▸ **PROBLEM STATEMENT**
The line holding "extrude(amount=Y_KSEKLIK_EKSTR_ZYON1_DEPTH)" and every line after it through the end of the entries below: retype these exactly and nothing more.

─── THE DATA

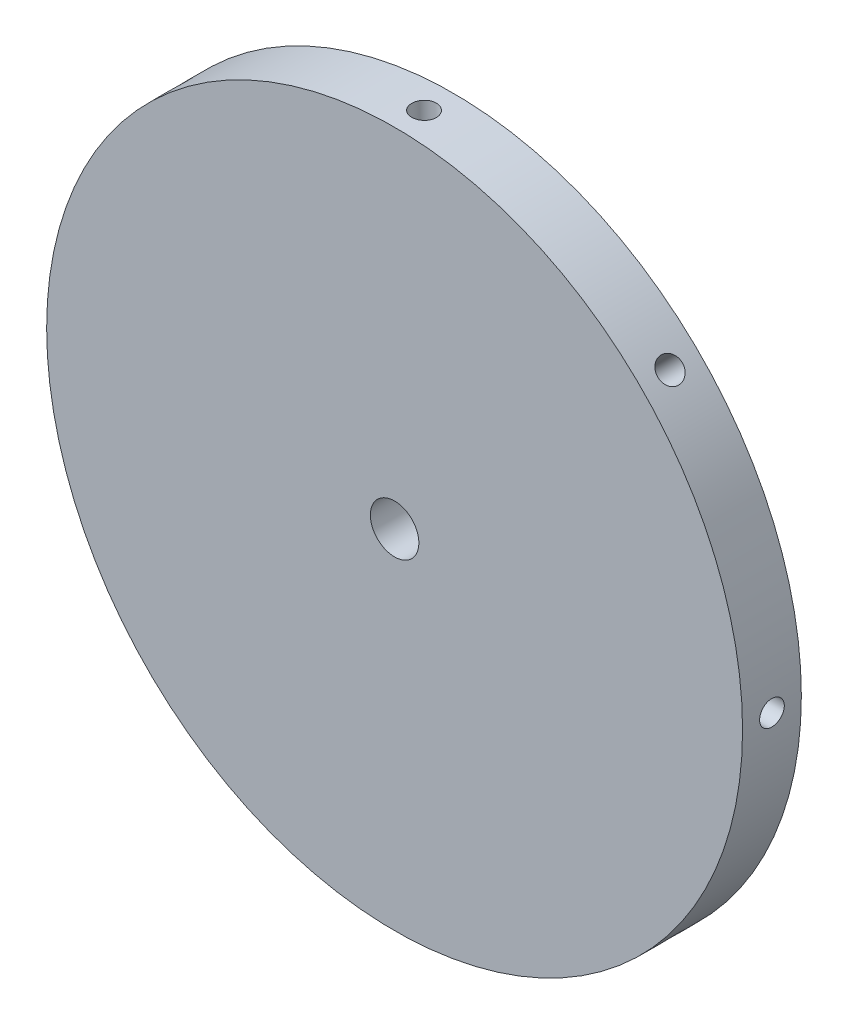
from build123d import *

# Parameters (mm, degrees)
IZIM1_R                              = 59.2
Y_KSEKLIK_EKSTR_ZYON1_DEPTH          = 10
DAIRESEL_KAPLAMA1_COUNT              = 8
M8_HELISARMAL_I_IN_Z_VANA_MATKAB_2_D = 8.25


with BuildPart() as part:
    # Çizim1 → Yükseklik-Ekstrüzyon1 (new body)
    with BuildSketch(Plane.XY):
        Circle(IZIM1_R)
    extrude(amount=Y_KSEKLIK_EKSTR_ZYON1_DEPTH)

    # Çizim10 → M4x0.7 Helisarmal İçin Dişli Delik1 (revolve, cut)
    with BuildSketch(Plane(origin=(62, 0, 5), x_dir=(0, 0, -1), z_dir=(0, 1, 0))):
        Polygon((0, 0), (0, 17.2618073), (2.1, 16), (2.1, 0), align=None)
    m4x0_7_helisarmal_in_di_li_delik1 = revolve(axis=Axis((68.35, 0, 5), (-1, 0, 0)), mode=Mode.SUBTRACT)

    # Dairesel Kaplama1: M4x0.7 Helisarmal İçin Dişli Delik1 ×8 about axis
    dairesel_kaplama1_axis = Axis((0, 0, 10), (0, 0, -1))
    for i in range(1, DAIRESEL_KAPLAMA1_COUNT):
        add(m4x0_7_helisarmal_in_di_li_delik1.rotate(dairesel_kaplama1_axis, i * 360 / DAIRESEL_KAPLAMA1_COUNT), mode=Mode.SUBTRACT)

    # M8 Helisarmal için Zıvana matkabı2 (through all)
    with Locations(Plane(origin=(0, 0, 0), x_dir=(-1, 0, 0), z_dir=(0, 0, -1))):
        with Locations((0, 0)):
            Hole(M8_HELISARMAL_I_IN_Z_VANA_MATKAB_2_D / 2)


solid = part.part

──────

▸ **ANSWER BELOW**
    extrude(amount=Y_KSEKLIK_EKSTR_ZYON1_DEPTH)

    # Çizim10 → M4x0.7 Helisarmal İçin Dişli Delik1 (revolve, cut)
    with BuildSketch(Plane(origin=(62, 0, 5), x_dir=(0, 0, -1), z_dir=(0, 1, 0))):
        Polygon((0, 0), (0, 17.2618073), (2.1, 16), (2.1, 0), align=None)
    m4x0_7_helisarmal_in_di_li_delik1 = revolve(axis=Axis((68.35, 0, 5), (-1, 0, 0)), mode=Mode.SUBTRACT)

    # Dairesel Kaplama1: M4x0.7 Helisarmal İçin Dişli Delik1 ×8 about axis
    dairesel_kaplama1_axis = Axis((0, 0, 10), (0, 0, -1))
    for i in range(1, DAIRESEL_KAPLAMA1_COUNT):
        add(m4x0_7_helisarmal_in_di_li_delik1.rotate(dairesel_kaplama1_axis, i * 360 / DAIRESEL_KAPLAMA1_COUNT), mode=Mode.SUBTRACT)

    # M8 Helisarmal için Zıvana matkabı2 (through all)
    with Locations(Plane(origin=(0, 0, 0), x_dir=(-1, 0, 0), z_dir=(0, 0, -1))):
        with Locations((0, 0)):
            Hole(M8_HELISARMAL_I_IN_Z_VANA_MATKAB_2_D / 2)


solid = part.part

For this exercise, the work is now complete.